UK universities must embrace tech to adapt in these challenging times

UK universities are facing financial ruin. First it was Brexit and a change to immigration rules threatening to stem their annual income of £9.6bn from international students, then it was COVID-19, the mass overnight closure of institutions and 339,000 students – unhappy with the quality of online teaching and learning materials – demanding their tuition fees be refunded. 
A radical three-fold rethink, driven by technology, is required for the UK’s educational institutions to stay afloat in today’s climate: they need to review the online success and progress of their international counterparts, they need to invest in cloud-based technology, and they need to retrain their workforce so they are well positioned to meet the expectations of today’s students in terms of online delivery models.
Review the online learning models of your international counterparts
A very different breed of universities exist in the United States – a significant, well-established and highly profitable network of private universities each with a successful track record in the delivery of quality assured online degrees, teaching and learning. 
The first fully online programmes were founded in 1998 at New York University Online, Western Governor’s University, the California Virtual University and Trident University International.  Today approximately seven million students in the US are enrolled on distance learning and online degree courses.
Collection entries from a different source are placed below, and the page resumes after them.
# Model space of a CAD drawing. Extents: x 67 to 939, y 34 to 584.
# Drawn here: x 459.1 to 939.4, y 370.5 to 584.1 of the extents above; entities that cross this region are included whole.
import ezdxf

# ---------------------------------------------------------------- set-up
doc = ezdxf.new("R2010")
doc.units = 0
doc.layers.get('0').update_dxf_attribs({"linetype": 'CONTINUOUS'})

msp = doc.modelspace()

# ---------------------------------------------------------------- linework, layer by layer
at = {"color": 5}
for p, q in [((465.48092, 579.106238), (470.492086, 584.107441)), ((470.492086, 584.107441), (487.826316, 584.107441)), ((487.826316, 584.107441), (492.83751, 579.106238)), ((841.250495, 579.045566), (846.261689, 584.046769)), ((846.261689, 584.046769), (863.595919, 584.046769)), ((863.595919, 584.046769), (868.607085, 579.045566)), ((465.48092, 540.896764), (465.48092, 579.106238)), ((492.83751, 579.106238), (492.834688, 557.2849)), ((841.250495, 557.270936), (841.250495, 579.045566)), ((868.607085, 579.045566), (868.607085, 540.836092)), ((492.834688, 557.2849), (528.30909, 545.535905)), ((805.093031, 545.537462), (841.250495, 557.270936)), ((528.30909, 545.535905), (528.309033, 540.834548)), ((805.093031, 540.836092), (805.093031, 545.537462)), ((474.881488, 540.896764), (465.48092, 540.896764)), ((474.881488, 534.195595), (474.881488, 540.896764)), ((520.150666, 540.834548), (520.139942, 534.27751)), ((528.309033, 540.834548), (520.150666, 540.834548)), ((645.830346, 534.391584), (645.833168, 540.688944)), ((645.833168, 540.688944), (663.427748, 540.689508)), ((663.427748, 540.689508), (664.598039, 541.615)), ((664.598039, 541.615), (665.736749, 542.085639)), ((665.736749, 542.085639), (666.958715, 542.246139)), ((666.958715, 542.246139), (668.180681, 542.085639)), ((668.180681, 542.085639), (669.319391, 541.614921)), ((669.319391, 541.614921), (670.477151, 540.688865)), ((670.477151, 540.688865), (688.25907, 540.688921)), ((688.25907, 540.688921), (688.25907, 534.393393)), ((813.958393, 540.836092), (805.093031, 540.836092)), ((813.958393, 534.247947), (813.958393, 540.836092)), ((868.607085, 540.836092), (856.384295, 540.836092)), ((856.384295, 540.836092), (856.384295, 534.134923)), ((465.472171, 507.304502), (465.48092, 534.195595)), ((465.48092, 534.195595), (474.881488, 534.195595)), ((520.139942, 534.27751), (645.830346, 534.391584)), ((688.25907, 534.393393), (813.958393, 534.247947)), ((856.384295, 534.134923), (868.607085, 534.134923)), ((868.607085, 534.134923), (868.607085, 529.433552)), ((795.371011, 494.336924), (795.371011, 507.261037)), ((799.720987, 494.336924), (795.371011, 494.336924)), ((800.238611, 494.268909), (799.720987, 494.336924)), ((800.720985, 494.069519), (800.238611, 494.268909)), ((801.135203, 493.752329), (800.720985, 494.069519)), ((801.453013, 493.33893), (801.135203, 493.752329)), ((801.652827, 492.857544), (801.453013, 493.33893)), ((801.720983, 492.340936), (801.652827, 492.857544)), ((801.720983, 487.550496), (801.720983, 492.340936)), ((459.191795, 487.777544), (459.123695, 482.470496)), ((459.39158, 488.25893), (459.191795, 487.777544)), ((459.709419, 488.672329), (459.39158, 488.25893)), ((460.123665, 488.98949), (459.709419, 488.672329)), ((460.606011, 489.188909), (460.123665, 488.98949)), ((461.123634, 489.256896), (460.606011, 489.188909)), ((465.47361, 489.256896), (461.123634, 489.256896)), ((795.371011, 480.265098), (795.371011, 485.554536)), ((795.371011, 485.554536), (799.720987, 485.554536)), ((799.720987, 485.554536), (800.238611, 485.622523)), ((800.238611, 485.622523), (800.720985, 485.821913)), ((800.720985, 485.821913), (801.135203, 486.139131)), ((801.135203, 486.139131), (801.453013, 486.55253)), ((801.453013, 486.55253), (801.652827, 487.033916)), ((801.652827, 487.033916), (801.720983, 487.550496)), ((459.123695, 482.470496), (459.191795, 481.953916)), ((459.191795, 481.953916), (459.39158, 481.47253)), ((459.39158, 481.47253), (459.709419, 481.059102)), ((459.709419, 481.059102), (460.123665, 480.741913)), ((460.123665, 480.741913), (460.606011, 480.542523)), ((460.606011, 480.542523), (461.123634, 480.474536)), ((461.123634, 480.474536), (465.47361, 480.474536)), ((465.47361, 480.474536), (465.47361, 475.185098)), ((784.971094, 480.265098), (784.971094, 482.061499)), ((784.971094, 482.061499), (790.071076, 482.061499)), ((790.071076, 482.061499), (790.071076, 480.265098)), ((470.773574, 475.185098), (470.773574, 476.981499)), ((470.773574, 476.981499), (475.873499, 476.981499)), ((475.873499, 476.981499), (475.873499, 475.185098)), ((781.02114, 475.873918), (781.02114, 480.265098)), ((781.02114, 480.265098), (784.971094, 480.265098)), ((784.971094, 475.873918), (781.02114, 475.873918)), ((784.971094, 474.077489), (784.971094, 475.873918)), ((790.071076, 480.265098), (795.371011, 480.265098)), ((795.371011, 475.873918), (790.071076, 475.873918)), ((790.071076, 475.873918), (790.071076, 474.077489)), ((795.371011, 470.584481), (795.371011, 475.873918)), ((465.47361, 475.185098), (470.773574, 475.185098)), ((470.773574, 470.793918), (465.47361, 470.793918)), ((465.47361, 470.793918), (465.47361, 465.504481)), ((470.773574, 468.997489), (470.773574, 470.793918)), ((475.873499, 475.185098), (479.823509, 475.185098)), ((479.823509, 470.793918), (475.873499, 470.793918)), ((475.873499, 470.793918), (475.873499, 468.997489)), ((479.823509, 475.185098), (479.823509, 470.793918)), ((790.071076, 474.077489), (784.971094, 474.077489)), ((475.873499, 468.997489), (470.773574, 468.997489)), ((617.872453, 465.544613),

Dr. Nicos Nicolaou, CEO of UNICAF

Online Higher Education (HE) in the developing world also stands streets ahead of the UK.  In Africa – the world’s fastest-growing economy – low cost online degrees from accredited UK and US universities have been available to students and African professionals since 2012 – all made possible by the arrival of cloud-based HE platforms and 4G broadband cellular connectivity. 
Unlike the UK, whose on-ground education system benefited greatly from the country’s landline infrastructure, Africa skipped a technological generation to embrace 4G and mobile comms.  Overnight, African students and professionals were presented with the opportunity to gain an accredited qualification sought after by employers and to fast track themselves into a well-paid job.
We can learn so much from these two very different models.
Invest in cloud technology
The benefits of digital platforms and cloud technology are well documented – students can save on expensive textbooks, learning materials are automatically kept up-to-date and there is no need for expensive hardware or software. HE institutions can reach a diverse range of students and it’s easy to access.
UK universities must consider embracing platforms which have a proven ability to digitise content and take programmes online within a short period of time. 
Hire specialists
Lecturers are there to undertake teaching, research and administrative duties within a specialist subject area so it makes commercial sense to leave them to do what they do best and to appoint an instructional design team and technical staff who are well positioned to meet the demands and expectations of your student cohort – typically characterised as liberal, highly tech-savvy, self-expressive, confident, and open to new ideas and new ways of doing things. 
Instructional designers identify the performance, skills, knowledge, information and attitude gaps of a targeted audience and create selected learning experiences that close this gap, based on instructional theory and best practices within the field.
Many US universities are offering a wide range of online courses, from medicine to engineering. A variety of technologies are harnessed to create interactive and engaging digitised material for students.  Most universities offer fully online options and in some cases due to the nature of the programme offer synchronous options as well. 
It’s a simple process, but one that requires investment, know-how and well-considered support. It’s there for the taking.